> _WHAT THIS TASK INVOLVES_
Count how many lines in the data below include "Tabelas". Answer with the number only.
◆ ◆ ◆ ◆ ◆
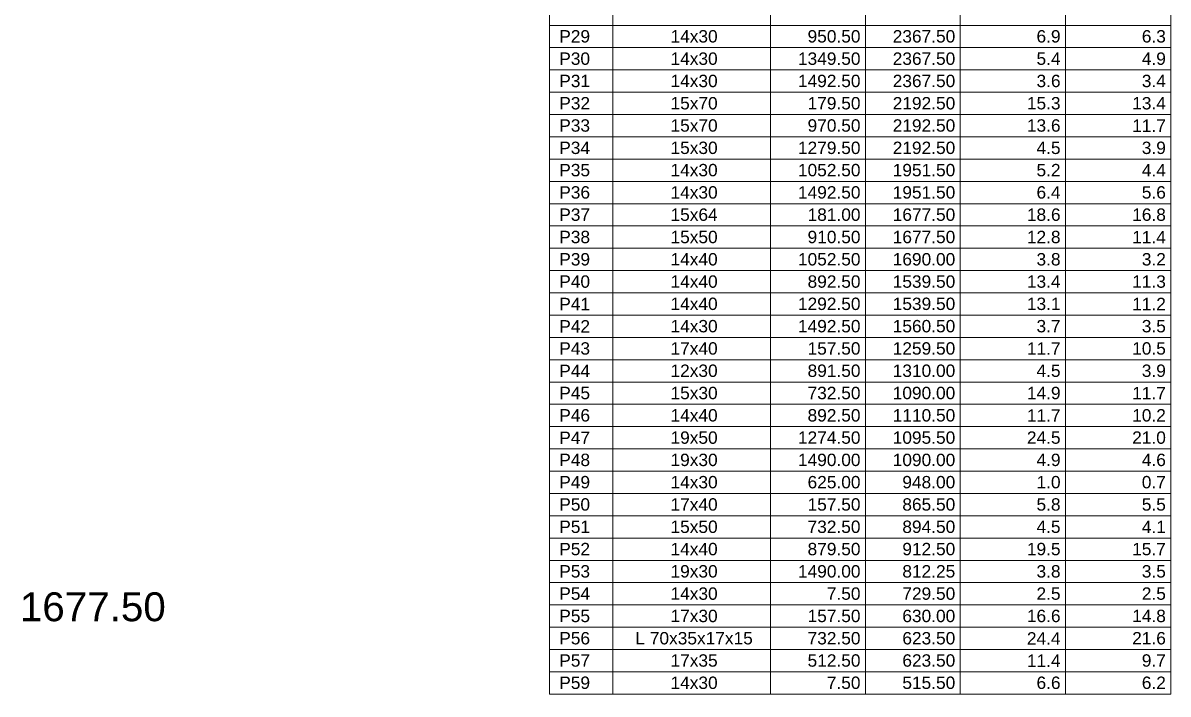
# Model space of a CAD drawing. Header units: millimetres. Extents: x -34 to 951, y -76 to 463.
# Drawn here: x 9.59 to 29.16, y -21.86 to -10.38 of the extents above; entities that cross this region are included whole.
import ezdxf

# ---------------------------------------------------------------- set-up
doc = ezdxf.new("R2010")
doc.units = ezdxf.units.MM
doc.header["$MEASUREMENT"] = 0
doc.linetypes.add('NULL', pattern=[0])
for name, color, linetype, lineweight in [('LC-Tabelas', 1, 'Continuous', 20), ('LC-Textos', 7, 'Continuous', 20), ('LC-Textos das tabelas', 5, 'Continuous', 5)]:
    doc.layers.add(name, color=color, linetype=linetype, lineweight=lineweight)
doc.styles.add('Arial', font='arial.ttf')

msp = doc.modelspace()

# ---------------------------------------------------------------- linework, layer by layer
at = {"layer": 'LC-Tabelas'}
for points in [[(18.5893, -10.425), (18.5893, -10.0437), (19.6694, -10.0437), (19.6694, -10.425), (18.5893, -10.425)], [(19.6694, -10.425), (19.6694, -10.0437), (22.3699, -10.0437), (22.3699, -10.425), (19.6694, -10.425)], [(22.3699, -10.425), (22.3699, -10.0437), (23.9902, -10.0437), (23.9902, -10.425), (22.3699, -10.425)], [(23.9902, -10.425), (23.9902, -10.0437), (25.6104, -10.0437), (25.6104, -10.425), (23.9902, -10.425)], [(25.6104, -10.425), (25.6104, -10.0437), (27.4107, -10.0437), (27.4107, -10.425), (25.6104, -10.425)], [(27.4107, -10.425), (27.4107, -10.0437), (29.211, -10.0437), (29.211, -10.425), (27.4107, -10.425)], [(18.5893, -10.8062), (18.5893, -10.425), (19.6694, -10.425), (19.6694, -10.8062), (18.5893, -10.8062)], [(19.6694, -10.8062), (19.6694, -10.425), (22.3699, -10.425), (22.3699, -10.8062), (19.6694, -10.8062)], [(22.3699, -10.8062), (22.3699, -10.425), (23.9902, -10.425), (23.9902, -10.8062), (22.3699, -10.8062)], [(23.9902, -10.8062), (23.9902, -10.425), (25.6104, -10.425), (25.6104, -10.8062), (23.9902, -10.8062)], [(25.6104, -10.8062), (25.6104, -10.425), (27.4107, -10.425), (27.4107, -10.8062), (25.6104, -10.8062)], [(27.4107, -10.8062), (27.4107, -10.425), (29.211, -10.425), (29.211, -10.8062), (27.4107, -10.8062)], [(18.5893, -11.1875), (18.5893, -10.8062), (19.6694, -10.8062), (19.6694, -11.1875), (18.5893, -11.1875)], [(19.6694, -11.1875), (19.6694, -10.8062), (22.3699, -10.8062), (22.3699, -11.1875), (19.6694, -11.1875)], [(22.3699, -11.1875), (22.3699, -10.8062), (23.9902, -10.8062), (23.9902, -11.1875), (22.3699, -11.1875)], [(23.9902, -11.1875), (23.9902, -10.8062), (25.6104, -10.8062), (25.6104, -11.1875), (23.9902, -11.1875)], [(25.6104, -11.1875), (25.6104, -10.8062), (27.4107, -10.8062), (27.4107, -11.1875), (25.6104, -11.1875)], [(27.4107, -11.1875), (27.4107, -10.8062), (29.211, -10.8062), (29.211, -11.1875), (27.4107, -11.1875)], [(18.5893, -11.5687), (18.5893, -11.1875), (19.6694, -11.1875), (19.6694, -11.5687), (18.5893, -11.5687)], [(19.6694, -11.5687), (19.6694, -11.1875), (22.3699, -11.1875), (22.3699, -11.5687), (19.6694, -11.5687)], [(22.3699, -11.5687), (22.3699, -11.1875), (23.9902, -11.1875), (23.9902, -11.5687), (22.3699, -11.5687)], [(23.9902, -11.5687), (23.9902, -11.1875), (25.6104, -11.1875), (25.6104, -11.5687), (23.9902, -11.5687)], [(25.6104, -11.5687), (25.6104, -11.1875), (27.4107, -11.1875), (27.4107, -11.5687), (25.6104, -11.5687)], [(27.4107, -11.5687), (27.4107, -11.1875), (29.211, -11.1875), (29.211, -11.5687), (27.4107, -11.5687)], [(18.5893, -11.9499), (18.5893, -11.5687), (19.6694, -11.5687), (19.6694, -11.9499), (18.5893, -11.9499)], [(19.6694, -11.9499), (19.6694, -11.5687), (22.3699, -11.5687), (22.3699, -11.9499), (19.6694, -11.9499)], [(22.3699, -11.9499), (22.3699, -11.5687), (23.9902, -11.5687), (23.9902, -11.9499), (22.3699, -11.9499)], [(23.9902, -11.9499), (23.9902, -11.5687), (25.6104, -11.5687), (25.6104, -11.9499), (23.9902, -11.9499)], [(25.6104, -11.9499), (25.6104, -11.5687), (27.4107, -11.5687), (27.4107, -11.9499), (25.6104, -11.9499)], [(27.4107, -11.9499), (27.4107, -11.5687), (29.211, -11.5687), (29.211, -11.9499), (27.4107, -11.9499)], [(18.5893, -12.3312), (18.5893, -11.9499), (19.6694, -11.9499), (19.6694, -12.3312), (18.5893, -12.3312)], [(19.6694, -12.3312), (19.6694, -11.9499), (22.3699, -11.9499), (22.3699, -12.3312), (19.6694, -12.3312)], [(22.3699, -12.3312), (22.3699, -11.9499), (23.9902, -11.9499), (23.9902, -12.3312), (22.3699, -12.3312)], [(23.9902, -12.3312), (23.9902, -11.9499), (25.6104, -11.9499), (25.6104, -12.3312), (23.9902, -12.3312)], [(25.6104, -12.3312), (25.6104, -11.9499), (27.4107, -11.9499), (27.4107, -12.3312), (25.6104, -12.3312)], [(27.4107, -12.3312), (27.4107, -11.9499), (29.211, -11.9499), (29.211, -12.3312), (27.4107, -12.3312)], [(18.5893, -12.7124), (18.5893, -12.3312), (19.6694, -12.3312), (19.6694, -12.7124), (18.5893, -12.7124)], [(19.6694, -12.7124), (19.6694, -12.3312), (22.3699, -12.3312), (22.3699, -12.7124), (19.6694, -12.7124)], [(22.3699, -12.7124), (22.3699, -12.3312), (23.9902, -12.3312), (23.9902, -12.7124), (22.3699, -12.7124)], [(23.9902, -12.7124), (23.9902, -12.3312), (25.6104, -12.3312), (25.6104, -12.7124), (23.9902, -12.7124)], [(25.6104, -12.7124), (25.6104, -12.3312), (27.4107, -12.3312), (27.4107, -12.7124), (25.6104, -12.7124)], [(27.4107, -12.7124), (27.4107, -12.3312), (29.211, -12.3312), (29.211, -12.7124), (27.4107, -12.7124)], [(18.5893, -13.0937), (18.5893, -12.7124), (19.6694, -12.7124), (19.6694, -13.0937), (18.5893, -13.0937)], [(19.6694, -13.0937), (19.6694, -12.7124), (22.3699, -12.7124), (22.3699, -13.0937), (19.6694, -13.0937)], [(22.3699, -13.0937), (22.3699, -12.7124), (23.9902, -12.7124), (23.9902, -13.0937), (22.3699, -13.0937)], [(23.9902, -13.0937), (23.9902, -12.7124), (25.6104, -12.7124), (25.6104, -13.0937), (23.9902, -13.0937)], [(25.6104, -13.0937), (25.6104, -12.7124), (27.4107, -12.7124), (27.4107, -13.0937), (25.6104, -13.0937)], [(27.4107, -13.0937), (27.4107, -12.7124), (29.211, -12.7124), (29.211, -13.0937), (27.4107, -13.0937)], [(18.5893, -13.4749), (18.5893, -13.0937), (19.6694, -13.0937), (19.6694, -13.4749), (18.5893, -13.4749)], [(19.6694, -13.4749), (19.6694, -13.0937), (22.3699, -13.0937), (22.3699, -13.4749), (19.6694, -13.4749)], [(22.3699, -13.4749), (22.3699, -13.0937), (23.9902, -13.0937), (23.9902, -13.4749), (22.3699, -13.4749)], [(23.9902, -13.4749), (23.9902, -13.0937), (25.6104, -13.0937), (25.6104, -13.4749), (23.9902, -13.4749)], [(25.6104, -13.4749), (25.6104, -13.0937), (27.4107, -13.0937), (27.4107, -13.4749), (25.6104, -13.4749)], [(27.4107, -13.4749), (27.4107, -13.0937), (29.211, -13.0937), (29.211, -13.4749), (27.4107, -13.4749)], [(18.5893, -13.8561), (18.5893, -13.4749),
◆ ◆ ◆ ◆ ◆
> _SOLUTION TO THIS PROBLEM_
2